Grounding in computer-supported collaborative problem solving

səhifə	14/18
tarix	25.06.2016
ölçüsü	1.41 Mb.

1 ... 10 11 12 13 14 15 16 17 18

CONTENT OF ACKNOWLEGMENT

The figures 5 (a) et 5 (b) show the global distribution of these different categories respectively in talk-talk interactions (a) and in interactions around the whiteboard (b). These figures reveal that task management is mainly performed through explicit verbal interactions and that the balance facts/inferences is not the same in MOO dialogues and on the whiteboard

Figure 5 (a): Categories of content in MOO messages

Figure 5 (b): Categories of content on the whiteboard

Variations of the acknowledgment rate for different contents

The grounding behavior varies according to the content of interactions. Table 4 gives the average rate of acknowledgment for the different categories of content. The rate is computed inside content categories, i.e. as the percentage of acknowledged interactions inside one category with respect to the total number of interactions in that content category.

Content Category	Acknowledgment Rate
Facts		26%	Knowledge
Inferences		46%	38%
Management		43%
Meta-Communication		55%
Technique		30%
All categories		41%

Table 4: Acknowledgment rate in different content categories²⁷

The interaction rate about the problem itself (the 'knowledge level') is 38%. It is interesting to discriminate the sub-categories 'facts' and 'inferences' since they have a very different acknowledgment rate, respectively 26% and 46%. The main difference between the two is the probability of disagreement. There is nothing to disagree about facts. Acknowledgment of facts basically means "I have seen it", rather than "I understand" or "I agree". The probability of misunderstanding or disagreement will be taken into account in our final model (section 7).
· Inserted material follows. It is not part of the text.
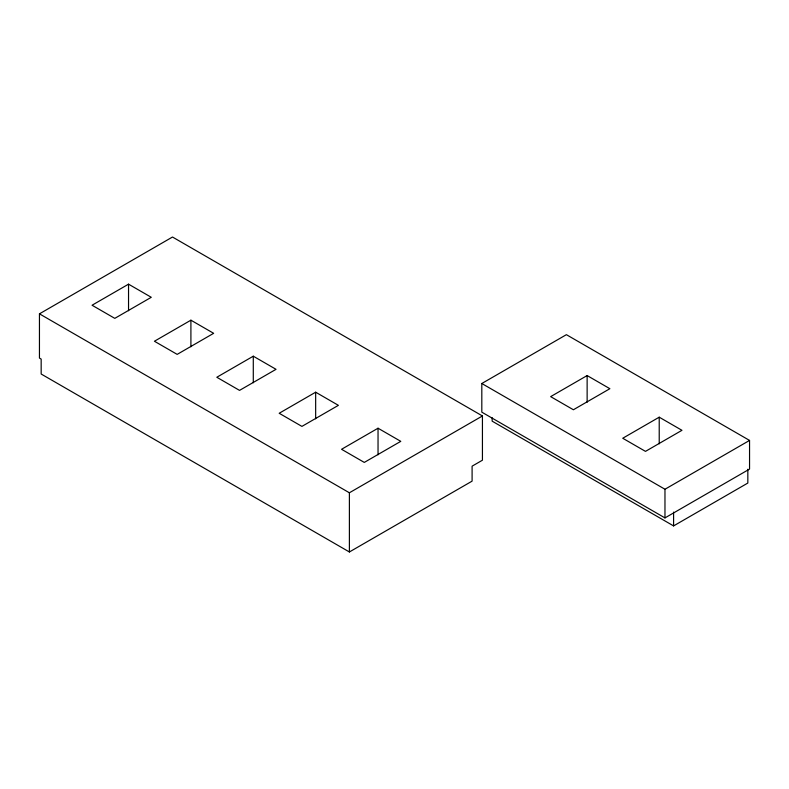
<?xml version="1.0" encoding="UTF-8"?>
<svg xmlns="http://www.w3.org/2000/svg" width="789" height="789" viewBox="0 0 789 789"><rect width="100%" height="100%" fill="white"/><g stroke="black" fill="none" stroke-linecap="round" stroke-linejoin="round"><path stroke-width="1.18" d="M39.45 313.835L172.495 237.025L482.434 415.961L482.434 460.204L472.098 466.171L472.098 481.132L349.389 551.975L41.166 374.025L41.166 359.064L39.45 358.078L39.45 313.835L349.389 492.78L482.434 415.961M128.538 284.168L92.057 305.235L114.79 318.361L151.281 297.295L128.538 284.168L128.538 310.748M190.908 320.186L154.427 341.243L177.17 354.379L213.651 333.313L190.908 320.186L190.908 346.766M253.289 356.194L216.807 377.26L239.54 390.387L276.032 369.321L253.289 356.194L253.289 382.773M315.659 392.202L279.178 413.268L301.921 426.395L338.402 405.339L315.659 392.202L315.659 418.791M378.039 428.22L341.558 449.286L364.291 462.413L400.782 441.347L378.039 428.22L378.039 454.799M481.813 383.503L566.394 334.674L749.55 440.42L749.55 469.08L664.969 517.909L481.813 412.164L481.813 383.503L664.969 489.249L749.55 440.42M587.134 375.564L550.653 396.63L573.396 409.757L609.877 388.701L587.134 375.564L587.134 402.222M659.219 417.184L622.738 438.25L645.481 451.377L681.962 430.311L659.219 417.184L659.219 443.842M492.149 417.706L492.149 421.158L673.589 525.908L747.834 483.046L747.834 469.238M673.589 512.1L673.589 525.908M664.969 489.249L664.969 517.909M349.389 492.78L349.389 551.975"/></g></svg>

The acknowledgment rate for communication is largely superior to the average. This category represents only 8% of all verbal interactions in the MOO (see figure 5 a). In average, a pair interacts once every 15 minutes at this level. Hence, a candidate explanation for the high rate of acknowledgment would be that these interactions are better noticed because they are rare. Another explanation is that they often have a strong social aspect (expressing impatience, apologizing for long delays, ...)

The acknowledgment rate computed on technical aspects is based on a small amount of data (in average 4.5 per pair) and hence should lead be a particular interpretation. Especially, sometimes the technical problem being discussed in these utterances does itself perturb the interaction concerning this problem.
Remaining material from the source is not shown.